For years Steadman believed he was hiding, and that he was being pursued and pestered. But at last, so thoroughly had he insisted on his privacy, people stopped seeking him out. The press stopped caring; there was no scandal and no new book. Steadman had had a succession of live-in girlfriends, but none of them had taken to the island. The winters were too quiet, the summers too loud, and Steadman never mentioned marriage. He was silent when asked “Where’s this thing going?” But the women knew that the very fact that they were asking the question meant the answer was “Nowhere.” Then he had married, but disastrously, the marriage shorter than the courtship. That was Charlotte — Charlie. Ava, whom he had first met at the Vineyard hospital, was more a wife to him than Charlie had ever been.
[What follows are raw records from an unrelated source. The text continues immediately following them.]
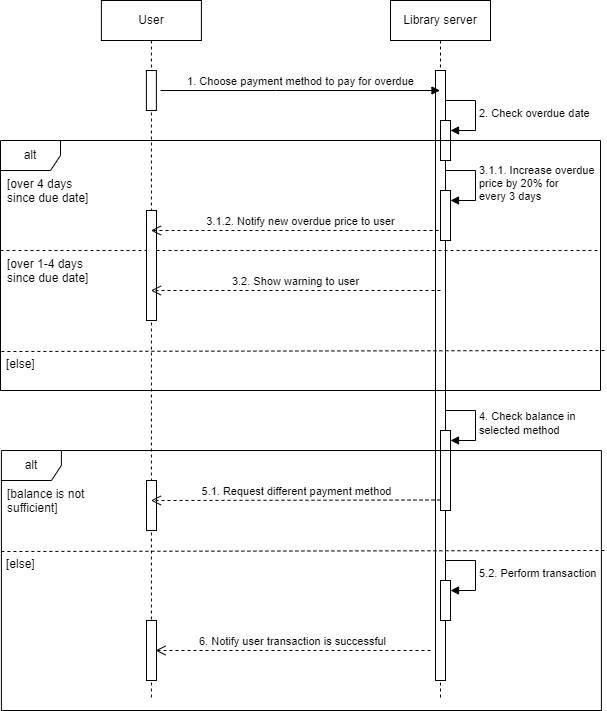

The diagram above was exported from draw.io. Its source (the exported page's mxGraphModel, read from the mxfile embedded in the PNG):
<mxGraphModel dx="1050" dy="485" grid="1" gridSize="10" guides="1" tooltips="1" connect="1" arrows="1" fold="1" page="1" pageScale="1" pageWidth="850" pageHeight="1100" math="0" shadow="0">
  <root>
    <mxCell id="0" />
    <mxCell id="1" parent="0" />
    <mxCell id="ItCHNcS1LsSA4bm6bHqi-1" value="User" style="shape=umlLifeline;perimeter=lifelinePerimeter;whiteSpace=wrap;html=1;container=0;dropTarget=0;collapsible=0;recursiveResize=0;outlineConnect=0;portConstraint=eastwest;newEdgeStyle={&quot;edgeStyle&quot;:&quot;elbowEdgeStyle&quot;,&quot;elbow&quot;:&quot;vertical&quot;,&quot;curved&quot;:0,&quot;rounded&quot;:0};" parent="1" vertex="1">
      <mxGeometry x="223.9" y="40" width="100" height="700" as="geometry" />
    </mxCell>
    <mxCell id="ItCHNcS1LsSA4bm6bHqi-2" value="" style="html=1;points=[];perimeter=orthogonalPerimeter;outlineConnect=0;targetShapes=umlLifeline;portConstraint=eastwest;newEdgeStyle={&quot;edgeStyle&quot;:&quot;elbowEdgeStyle&quot;,&quot;elbow&quot;:&quot;vertical&quot;,&quot;curved&quot;:0,&quot;rounded&quot;:0};" parent="ItCHNcS1LsSA4bm6bHqi-1" vertex="1">
      <mxGeometry x="45" y="70" width="10" height="40" as="geometry" />
    </mxCell>
    <mxCell id="ItCHNcS1LsSA4bm6bHqi-3" value="Library server" style="shape=umlLifeline;perimeter=lifelinePerimeter;whiteSpace=wrap;html=1;container=0;dropTarget=0;collapsible=0;recursiveResize=0;outlineConnect=0;portConstraint=eastwest;newEdgeStyle={&quot;edgeStyle&quot;:&quot;elbowEdgeStyle&quot;,&quot;elbow&quot;:&quot;vertical&quot;,&quot;curved&quot;:0,&quot;rounded&quot;:0};" parent="1" vertex="1">
      <mxGeometry x="513" y="40" width="100" height="700" as="geometry" />
    </mxCell>
    <mxCell id="ItCHNcS1LsSA4bm6bHqi-4" value="" style="html=1;points=[];perimeter=orthogonalPerimeter;outlineConnect=0;targetShapes=umlLifeline;portConstraint=eastwest;newEdgeStyle={&quot;edgeStyle&quot;:&quot;elbowEdgeStyle&quot;,&quot;elbow&quot;:&quot;vertical&quot;,&quot;curved&quot;:0,&quot;rounded&quot;:0};" parent="ItCHNcS1LsSA4bm6bHqi-3" vertex="1">
      <mxGeometry x="45" y="70" width="10" height="610" as="geometry" />
    </mxCell>
    <mxCell id="ItCHNcS1LsSA4bm6bHqi-20" value="" style="html=1;points=[];perimeter=orthogonalPerimeter;outlineConnect=0;targetShapes=umlLifeline;portConstraint=eastwest;newEdgeStyle={&quot;edgeStyle&quot;:&quot;elbowEdgeStyle&quot;,&quot;elbow&quot;:&quot;vertical&quot;,&quot;curved&quot;:0,&quot;rounded&quot;:0};" parent="ItCHNcS1LsSA4bm6bHqi-3" vertex="1">
      <mxGeometry x="50" y="120" width="10" height="40" as="geometry" />
    </mxCell>
    <mxCell id="ItCHNcS1LsSA4bm6bHqi-21" value="2. Check overdue date" style="html=1;align=left;spacingLeft=2;endArrow=block;rounded=0;edgeStyle=orthogonalEdgeStyle;curved=0;rounded=0;" parent="ItCHNcS1LsSA4bm6bHqi-3" target="ItCHNcS1LsSA4bm6bHqi-20" edge="1">
      <mxGeometry relative="1" as="geometry">
        <mxPoint x="55" y="100" as="sourcePoint" />
        <Array as="points">
          <mxPoint x="85" y="130" />
        </Array>
      </mxGeometry>
    </mxCell>
    <mxCell id="kOfLh0KoKxyNZYbv0PQo-9" value="" style="html=1;points=[];perimeter=orthogonalPerimeter;outlineConnect=0;targetShapes=umlLifeline;portConstraint=eastwest;newEdgeStyle={&quot;edgeStyle&quot;:&quot;elbowEdgeStyle&quot;,&quot;elbow&quot;:&quot;vertical&quot;,&quot;curved&quot;:0,&quot;rounded&quot;:0};" parent="ItCHNcS1LsSA4bm6bHqi-3" vertex="1">
      <mxGeometry x="50" y="430" width="10" height="80" as="geometry" />
    </mxCell>
    <mxCell id="kOfLh0KoKxyNZYbv0PQo-10" value="4. Check balance in&lt;br&gt;selected method" style="html=1;align=left;spacingLeft=2;endArrow=block;rounded=0;edgeStyle=orthogonalEdgeStyle;curved=0;rounded=0;" parent="ItCHNcS1LsSA4bm6bHqi-3" target="kOfLh0KoKxyNZYbv0PQo-9" edge="1">
      <mxGeometry relative="1" as="geometry">
        <mxPoint x="55" y="410" as="sourcePoint" />
        <Array as="points">
          <mxPoint x="85" y="440" />
        </Array>
      </mxGeometry>
    </mxCell>
    <mxCell id="ItCHNcS1LsSA4bm6bHqi-19" value="1. Choose payment method to pay for overdue" style="html=1;verticalAlign=bottom;endArrow=block;edgeStyle=elbowEdgeStyle;elbow=vertical;curved=0;rounded=0;" parent="1" target="ItCHNcS1LsSA4bm6bHqi-3" edge="1">
      <mxGeometry width="80" relative="1" as="geometry">
        <mxPoint x="283" y="130" as="sourcePoint" />
        <mxPoint x="363" y="130" as="targetPoint" />
      </mxGeometry>
    </mxCell>
    <mxCell id="ItCHNcS1LsSA4bm6bHqi-22" value="alt" style="shape=umlFrame;whiteSpace=wrap;html=1;pointerEvents=0;" parent="1" vertex="1">
      <mxGeometry x="123" y="180" width="600" height="250" as="geometry" />
    </mxCell>
    <mxCell id="1shbTE2kZy1eA7Au6MKV-1" value="[over 4 days since due date]" style="text;strokeColor=none;fillColor=none;align=left;verticalAlign=top;spacingLeft=4;spacingRight=4;overflow=hidden;rotatable=0;points=[[0,0.5],[1,0.5]];portConstraint=eastwest;whiteSpace=wrap;html=1;" parent="1" vertex="1">
      <mxGeometry x="123.9" y="210" width="100" height="40" as="geometry" />
    </mxCell>
    <mxCell id="1shbTE2kZy1eA7Au6MKV-2" value="" style="html=1;points=[];perimeter=orthogonalPerimeter;outlineConnect=0;targetShapes=umlLifeline;portConstraint=eastwest;newEdgeStyle={&quot;edgeStyle&quot;:&quot;elbowEdgeStyle&quot;,&quot;elbow&quot;:&quot;vertical&quot;,&quot;curved&quot;:0,&quot;rounded&quot;:0};" parent="1" vertex="1">
      <mxGeometry x="563" y="230" width="10" height="50" as="geometry" />
    </mxCell>
    <mxCell id="1shbTE2kZy1eA7Au6MKV-3" value="3.1.1. Increase overdue&lt;br&gt;price by 20% for&lt;br&gt;every 3 days" style="html=1;align=left;spacingLeft=2;endArrow=block;rounded=0;edgeStyle=orthogonalEdgeStyle;curved=0;rounded=0;" parent="1" target="1shbTE2kZy1eA7Au6MKV-2" edge="1">
      <mxGeometry relative="1" as="geometry">
        <mxPoint x="568" y="210" as="sourcePoint" />
        <Array as="points">
          <mxPoint x="598" y="240" />
        </Array>
      </mxGeometry>
    </mxCell>
    <mxCell id="kOfLh0KoKxyNZYbv0PQo-1" value="" style="endArrow=none;dashed=1;html=1;rounded=0;" parent="1" edge="1">
      <mxGeometry width="50" height="50" relative="1" as="geometry">
        <mxPoint x="123" y="290" as="sourcePoint" />
        <mxPoint x="723" y="290" as="targetPoint" />
      </mxGeometry>
    </mxCell>
    <mxCell id="kOfLh0KoKxyNZYbv0PQo-2" value="[over 1-4 days since due date]" style="text;strokeColor=none;fillColor=none;align=left;verticalAlign=top;spacingLeft=4;spacingRight=4;overflow=hidden;rotatable=0;points=[[0,0.5],[1,0.5]];portConstraint=eastwest;whiteSpace=wrap;html=1;" parent="1" vertex="1">
      <mxGeometry x="123.9" y="290" width="100" height="40" as="geometry" />
    </mxCell>
    <mxCell id="kOfLh0KoKxyNZYbv0PQo-4" value="" style="html=1;points=[];perimeter=orthogonalPerimeter;outlineConnect=0;targetShapes=umlLifeline;portConstraint=eastwest;newEdgeStyle={&quot;edgeStyle&quot;:&quot;elbowEdgeStyle&quot;,&quot;elbow&quot;:&quot;vertical&quot;,&quot;curved&quot;:0,&quot;rounded&quot;:0};" parent="1" vertex="1">
      <mxGeometry x="269" y="250" width="10" height="110" as="geometry" />
    </mxCell>
    <mxCell id="kOfLh0KoKxyNZYbv0PQo-5" value="3.2. Show warning to user" style="html=1;verticalAlign=bottom;endArrow=open;dashed=1;endSize=8;edgeStyle=elbowEdgeStyle;elbow=vertical;curved=0;rounded=0;" parent="1" target="ItCHNcS1LsSA4bm6bHqi-1" edge="1">
      <mxGeometry relative="1" as="geometry">
        <mxPoint x="563" y="330" as="sourcePoint" />
        <mxPoint x="483" y="330" as="targetPoint" />
      </mxGeometry>
    </mxCell>
    <mxCell id="kOfLh0KoKxyNZYbv0PQo-6" value="3.1.2. Notify new overdue price to user" style="html=1;verticalAlign=bottom;endArrow=open;dashed=1;endSize=8;edgeStyle=elbowEdgeStyle;elbow=vertical;curved=0;rounded=0;" parent="1" target="ItCHNcS1LsSA4bm6bHqi-1" edge="1">
      <mxGeometry relative="1" as="geometry">
        <mxPoint x="563" y="260" as="sourcePoint" />
        <mxPoint x="483" y="260" as="targetPoint" />
        <Array as="points">
          <mxPoint x="473" y="270" />
        </Array>
      </mxGeometry>
    </mxCell>
    <mxCell id="kOfLh0KoKxyNZYbv0PQo-7" value="" style="endArrow=none;dashed=1;html=1;rounded=0;entryX=1.007;entryY=0.28;entryDx=0;entryDy=0;entryPerimeter=0;" parent="1" edge="1">
      <mxGeometry width="50" height="50" relative="1" as="geometry">
        <mxPoint x="123.9" y="391" as="sourcePoint" />
        <mxPoint x="727.9" y="390" as="targetPoint" />
      </mxGeometry>
    </mxCell>
    <mxCell id="kOfLh0KoKxyNZYbv0PQo-8" value="[else]" style="text;strokeColor=none;fillColor=none;align=left;verticalAlign=top;spacingLeft=4;spacingRight=4;overflow=hidden;rotatable=0;points=[[0,0.5],[1,0.5]];portConstraint=eastwest;whiteSpace=wrap;html=1;" parent="1" vertex="1">
      <mxGeometry x="123" y="390" width="100" height="40" as="geometry" />
    </mxCell>
    <mxCell id="kOfLh0KoKxyNZYbv0PQo-11" value="alt" style="shape=umlFrame;whiteSpace=wrap;html=1;pointerEvents=0;" parent="1" vertex="1">
      <mxGeometry x="123.9" y="490" width="600" height="260" as="geometry" />
    </mxCell>
    <mxCell id="kOfLh0KoKxyNZYbv0PQo-12" value="[balance is not sufficient]" style="text;strokeColor=none;fillColor=none;align=left;verticalAlign=top;spacingLeft=4;spacingRight=4;overflow=hidden;rotatable=0;points=[[0,0.5],[1,0.5]];portConstraint=eastwest;whiteSpace=wrap;html=1;" parent="1" vertex="1">
      <mxGeometry x="123.9" y="520" width="100" height="40" as="geometry" />
    </mxCell>
    <mxCell id="kOfLh0KoKxyNZYbv0PQo-13" value="" style="html=1;points=[];perimeter=orthogonalPerimeter;outlineConnect=0;targetShapes=umlLifeline;portConstraint=eastwest;newEdgeStyle={&quot;edgeStyle&quot;:&quot;elbowEdgeStyle&quot;,&quot;elbow&quot;:&quot;vertical&quot;,&quot;curved&quot;:0,&quot;rounded&quot;:0};" parent="1" vertex="1">
      <mxGeometry x="269" y="520" width="10" height="50" as="geometry" />
    </mxCell>
    <mxCell id="kOfLh0KoKxyNZYbv0PQo-14" value="5.1. Request different payment method" style="html=1;verticalAlign=bottom;endArrow=open;dashed=1;endSize=8;edgeStyle=elbowEdgeStyle;elbow=vertical;curved=0;rounded=0;" parent="1" target="ItCHNcS1LsSA4bm6bHqi-1" edge="1">
      <mxGeometry relative="1" as="geometry">
        <mxPoint x="563" y="539.5" as="sourcePoint" />
        <mxPoint x="483" y="539.5" as="targetPoint" />
      </mxGeometry>
    </mxCell>
    <mxCell id="kOfLh0KoKxyNZYbv0PQo-15" value="" style="endArrow=none;dashed=1;html=1;rounded=0;entryX=1.007;entryY=0.28;entryDx=0;entryDy=0;entryPerimeter=0;" parent="1" edge="1">
      <mxGeometry width="50" height="50" relative="1" as="geometry">
        <mxPoint x="123.9" y="591" as="sourcePoint" />
        <mxPoint x="727.9" y="590" as="targetPoint" />
      </mxGeometry>
    </mxCell>
    <mxCell id="kOfLh0KoKxyNZYbv0PQo-16" value="[else]" style="text;strokeColor=none;fillColor=none;align=left;verticalAlign=top;spacingLeft=4;spacingRight=4;overflow=hidden;rotatable=0;points=[[0,0.5],[1,0.5]];portConstraint=eastwest;whiteSpace=wrap;html=1;" parent="1" vertex="1">
      <mxGeometry x="123" y="590" width="100" height="40" as="geometry" />
    </mxCell>
    <mxCell id="kOfLh0KoKxyNZYbv0PQo-17" value="" style="html=1;points=[];perimeter=orthogonalPerimeter;outlineConnect=0;targetShapes=umlLifeline;portConstraint=eastwest;newEdgeStyle={&quot;edgeStyle&quot;:&quot;elbowEdgeStyle&quot;,&quot;elbow&quot;:&quot;vertical&quot;,&quot;curved&quot;:0,&quot;rounded&quot;:0};" parent="1" vertex="1">
      <mxGeometry x="563" y="620" width="10" height="40" as="geometry" />
    </mxCell>
    <mxCell id="kOfLh0KoKxyNZYbv0PQo-18" value="5.2. Perform transaction" style="html=1;align=left;spacingLeft=2;endArrow=block;rounded=0;edgeStyle=orthogonalEdgeStyle;curved=0;rounded=0;" parent="1" target="kOfLh0KoKxyNZYbv0PQo-17" edge="1">
      <mxGeometry relative="1" as="geometry">
        <mxPoint x="568" y="600" as="sourcePoint" />
        <Array as="points">
          <mxPoint x="598" y="630" />
        </Array>
      </mxGeometry>
    </mxCell>
    <mxCell id="kOfLh0KoKxyNZYbv0PQo-19" value="" style="html=1;points=[];perimeter=orthogonalPerimeter;outlineConnect=0;targetShapes=umlLifeline;portConstraint=eastwest;newEdgeStyle={&quot;edgeStyle&quot;:&quot;elbowEdgeStyle&quot;,&quot;elbow&quot;:&quot;vertical&quot;,&quot;curved&quot;:0,&quot;rounded&quot;:0};" parent="1" vertex="1">
      <mxGeometry x="269" y="660" width="10" height="60" as="geometry" />
    </mxCell>
    <mxCell id="kOfLh0KoKxyNZYbv0PQo-20" value="6. Notify user transaction is successful" style="html=1;verticalAlign=bottom;endArrow=open;dashed=1;endSize=8;edgeStyle=elbowEdgeStyle;elbow=vertical;curved=0;rounded=0;" parent="1" edge="1">
      <mxGeometry relative="1" as="geometry">
        <mxPoint x="553" y="690" as="sourcePoint" />
        <mxPoint x="278" y="690" as="targetPoint" />
      </mxGeometry>
    </mxCell>
  </root>
</mxGraphModel>

As one of the few doctors on the island, Ava was in demand; electricians, plumbers, housecleaners, carpenters, and handymen were also courted, because there were so few of them. Some were enticed from the Cape and flew over in the commuter jet from Hyannis to perform mundane tasks — mend a roof, stop a leak, rewire a house. When Ava took a leave of absence from the hospital to help Steadman with his novel, the hospital management screamed in frustration and begged her to come back.